An additional calculation was performed in an attempt to examine the normal changes in DLLs. Alterations in the DLLs were evaluated by measuring the change in length during the gait cycle. The ratio between the maximal stance phase length and the minimal swing phase length was calculated, finding a normative and symmetrical value when defining the percentage of decrease in DLLs during the gait cycle. The HJC-HEEL decreased by 19%, the HJC-AJC by 15%, and the HJC-FF by 9%. A higher ratio was due to a higher change in DLL caused by shortening during the swing phase. HJC-HEEL and HJC-AJC shortened during the swing phase at a greater pace than the HJC-FF to achieve minimal foot clearance [
35], thus presenting a higher ratio of change. Abnormal gait deviations leading to changes in DLLs, such as increased knee flexion during the stance phase, might induce short DLLs or stiff knee gait during the swing phase which could cause elongation of the DLLs, demonstrating abnormal changes in the leg length versus normal ratio. In addition, HJC-FF might perform differently owing to its dependency on ankle joint movements, thereby equine gait or drop foot during the swing phase might lead to an altered HJC-FF pattern and change in ratio. Thus, DLLs are dependent on the amount and timing of gait deviation. A higher discrepancy in HJC-FF might indicate ankle joint involvement. Patients presenting with a pathological gait have been found to exhibit different DLL patterns and discrepancies [
20], which accordingly should lead to a different maximal to minimal DLL ratio, differentiating from normal gait pattern. DLLs were normalized to the physical measurement of the ASIS to MM in order to formulate a reference for abnormal gait, allowing the identification of abnormal changes in DLL patterns as well as a discrepancy in the magnitude of DLLs due to gait deviations.
Limitations of our study may be related to the fact that the normative dataset was based on young healthy participants assumed to present normal kinematics when walking at their convenient walking speed. Age, body characteristics, and walking speed might cause changes in kinematics and influence DLLs. A wider spectrum of normal healthy subjects should serve as a normal database comparing a matched pathological gait. However, DLL discrepancy should not be affected unless discrepancies occur in gait kinematics. In addition, DLLs patterns, discrepancies, and ratios between maximal and minimal DLLs during the gait cycle should be measured amongst patients presenting with a pathological gait in order to evaluate the ability of this measurement to discriminate between normal and abnormal gait and correlate between gait deviations and the different DLLs.
5. Conclusions
DLL measured during the gait cycle based on a valid and reliable gait model, performed on 40 healthy subjects, was found to be consistent and trustworthy.
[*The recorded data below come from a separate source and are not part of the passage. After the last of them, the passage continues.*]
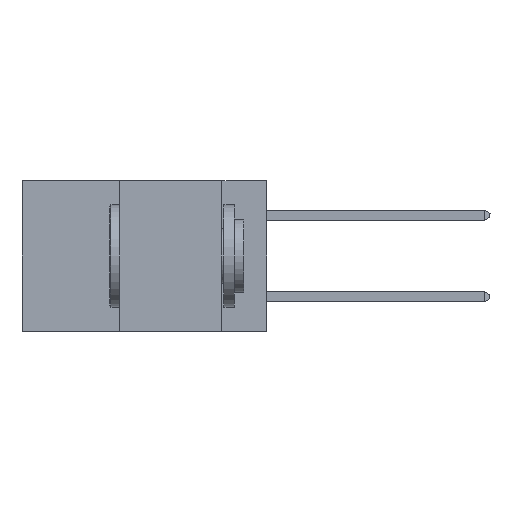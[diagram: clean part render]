
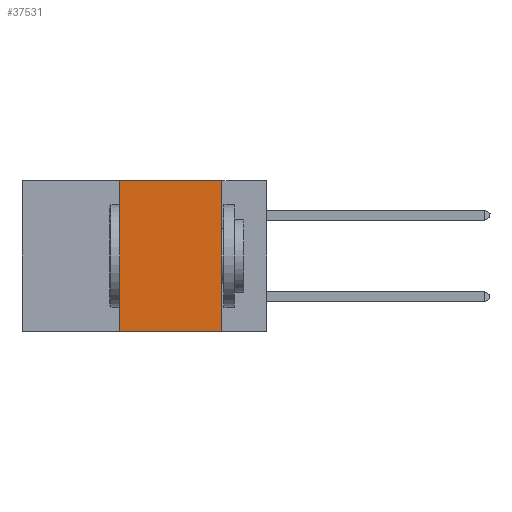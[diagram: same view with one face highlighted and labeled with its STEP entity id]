
A CAD part, left-side view. The second image highlights one B-rep face of the part: STEP entity #37531.
In plain terms, the highlighted planar face has unit normal (-1, 0, 0).
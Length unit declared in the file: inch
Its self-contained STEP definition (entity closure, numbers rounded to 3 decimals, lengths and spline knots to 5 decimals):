
#558 = DIRECTION ( 'NONE',  ( 1., 0., 0. ) ) ;
#1637 = ORIENTED_EDGE ( 'NONE', *, *, #19043, .T. ) ;
#2508 = VECTOR ( 'NONE', #3912, 39.37008 ) ;
#3912 = DIRECTION ( 'NONE',  ( 0., -1., 0. ) ) ;
#5659 = DIRECTION ( 'NONE',  ( 0., 0., 1. ) ) ;
#6950 = LINE ( 'NONE', #20146, #28225 ) ;
#7904 = EDGE_CURVE ( 'NONE', #14136, #37390, #37856, .T. ) ;
#8121 = DIRECTION ( 'NONE',  ( 0., -1., 0. ) ) ;
#8181 = EDGE_CURVE ( 'NONE', #37390, #27834, #34600, .T. ) ;
#9187 = CARTESIAN_POINT ( 'NONE',  ( 0., 0.11, -0.37 ) ) ;
#13113 = DIRECTION ( 'NONE',  ( 0., 0., -1. ) ) ;
#13368 = VECTOR ( 'NONE', #13113, 39.37008 ) ;
#14136 = VERTEX_POINT ( 'NONE', #24097 ) ;
#14346 = CARTESIAN_POINT ( 'NONE',  ( 0., 0.11, 0. ) ) ;
#14834 = ORIENTED_EDGE ( 'NONE', *, *, #8181, .F. ) ;
#14902 = VERTEX_POINT ( 'NONE', #9187 ) ;
#15626 = PLANE ( 'NONE',  #24598 ) ;
#16743 = ORIENTED_EDGE ( 'NONE', *, *, #7904, .F. ) ;
#18955 = CARTESIAN_POINT ( 'NONE',  ( 0., 0.6, 0. ) ) ;
#19043 = EDGE_CURVE ( 'NONE', #14136, #14902, #6950, .T. ) ;
#19215 = CARTESIAN_POINT ( 'NONE',  ( 0., 0.11, 0. ) ) ;
#20146 = CARTESIAN_POINT ( 'NONE',  ( 0., 0.6, -0.37 ) ) ;
#21730 = DIRECTION ( 'NONE',  ( 0., 0., -1. ) ) ;
#22664 = FACE_OUTER_BOUND ( 'NONE', #33831, .T. ) ;
#23639 = CARTESIAN_POINT ( 'NONE',  ( 0., 0.36, 0. ) ) ;
#23653 = EDGE_CURVE ( 'NONE', #27834, #14902, #27601, .T. ) ;
#24097 = CARTESIAN_POINT ( 'NONE',  ( 0., 0.36, -0.37 ) ) ;
#24598 = AXIS2_PLACEMENT_3D ( 'NONE', #36699, #558, #21730 ) ;
#26200 = VECTOR ( 'NONE', #5659, 39.37008 ) ;
#26521 = CARTESIAN_POINT ( 'NONE',  ( 0., 0.36, 0. ) ) ;
#27601 = LINE ( 'NONE', #19215, #13368 ) ;
#27834 = VERTEX_POINT ( 'NONE', #14346 ) ;
#28225 = VECTOR ( 'NONE', #8121, 39.37008 ) ;
#33831 = EDGE_LOOP ( 'NONE', ( #37898, #14834, #16743, #1637 ) ) ;
#34600 = LINE ( 'NONE', #18955, #2508 ) ;
#36699 = CARTESIAN_POINT ( 'NONE',  ( 0., 0.6, 0. ) ) ;
#37390 = VERTEX_POINT ( 'NONE', #26521 ) ;
#37531 = ADVANCED_FACE ( 'NONE', ( #22664 ), #15626, .F. ) ;
#37856 = LINE ( 'NONE', #23639, #26200 ) ;
#37898 = ORIENTED_EDGE ( 'NONE', *, *, #23653, .F. ) ;

Normal values were set for DLL including patterns of change during the gait cycle, time of maximal and minimal DLLs, and ratio of change. DLLs were also normalized and might serve as a reference for abnormal gait deviation reflected by abnormal DLLs, which is beyond the scope of the study. Abnormal DLLs might indicate abnormal gait deviations and might promote a new perspective of analyzing gait alongside kinematic and kinetic data, which might consequently improve treatment decision-making. However, this was not evaluated in the present study, and further studies measuring the effect of abnormal gait on DLLs are needed to validate this measurement.